Geographical range. Indian Subregion to China, Taiwan, Thailand (Kononenko & Pinratana, 2005), Java, Bali, Borneo.

Habitat preference. The only Bornean specimen located is a faded female labelled just 'Sarawak'.

Biology. The species was reared in India by T.R.D. Bell (MS). The body is cylindrical, the segments constricted only shallowly. The head is broader than high, heart-shaped, honey-yellow, marbled with blood-red. The setae of both the head and the body are minutely plumose, mostly white, some on the head being black.
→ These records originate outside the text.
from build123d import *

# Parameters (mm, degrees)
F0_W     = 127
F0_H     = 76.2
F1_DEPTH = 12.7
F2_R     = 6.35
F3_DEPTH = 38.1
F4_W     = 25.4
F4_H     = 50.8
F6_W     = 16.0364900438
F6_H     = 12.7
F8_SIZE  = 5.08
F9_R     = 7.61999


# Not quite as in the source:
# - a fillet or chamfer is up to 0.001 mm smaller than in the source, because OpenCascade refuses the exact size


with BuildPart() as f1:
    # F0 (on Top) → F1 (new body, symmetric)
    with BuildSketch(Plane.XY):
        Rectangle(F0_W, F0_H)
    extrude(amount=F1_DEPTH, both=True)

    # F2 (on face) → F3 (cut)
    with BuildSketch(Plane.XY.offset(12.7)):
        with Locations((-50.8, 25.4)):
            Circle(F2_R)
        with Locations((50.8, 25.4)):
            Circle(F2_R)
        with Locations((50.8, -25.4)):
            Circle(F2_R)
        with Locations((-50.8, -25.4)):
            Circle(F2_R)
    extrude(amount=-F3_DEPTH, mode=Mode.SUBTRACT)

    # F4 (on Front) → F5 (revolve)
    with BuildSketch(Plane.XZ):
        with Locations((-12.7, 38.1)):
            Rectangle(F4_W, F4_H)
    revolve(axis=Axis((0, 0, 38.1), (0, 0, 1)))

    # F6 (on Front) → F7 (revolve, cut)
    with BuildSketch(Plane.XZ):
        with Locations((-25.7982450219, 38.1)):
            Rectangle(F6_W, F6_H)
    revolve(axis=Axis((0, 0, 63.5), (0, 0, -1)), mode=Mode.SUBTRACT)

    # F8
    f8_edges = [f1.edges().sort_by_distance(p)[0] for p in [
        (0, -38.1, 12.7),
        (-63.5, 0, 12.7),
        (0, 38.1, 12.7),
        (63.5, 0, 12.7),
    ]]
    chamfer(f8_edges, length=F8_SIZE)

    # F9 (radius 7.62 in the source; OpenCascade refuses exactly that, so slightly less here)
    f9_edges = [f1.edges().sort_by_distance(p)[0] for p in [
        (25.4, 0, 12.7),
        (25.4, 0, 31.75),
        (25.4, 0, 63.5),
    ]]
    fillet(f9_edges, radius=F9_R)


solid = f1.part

The body is greenish, transparent, with a fine subdorsal white line and a broken, irregular, broad yellow spiracular band that extends in places in some segments up to the dorsum. The intersegmental membranes can be reddish.

The larva lies on the underside of a grass blade and pupates in a cocoon at the tip, pulling the sides of the blade together with silk. The pupa is attached inside to the silk by the cremaster.

The host grasses (Gramineae) were not identified.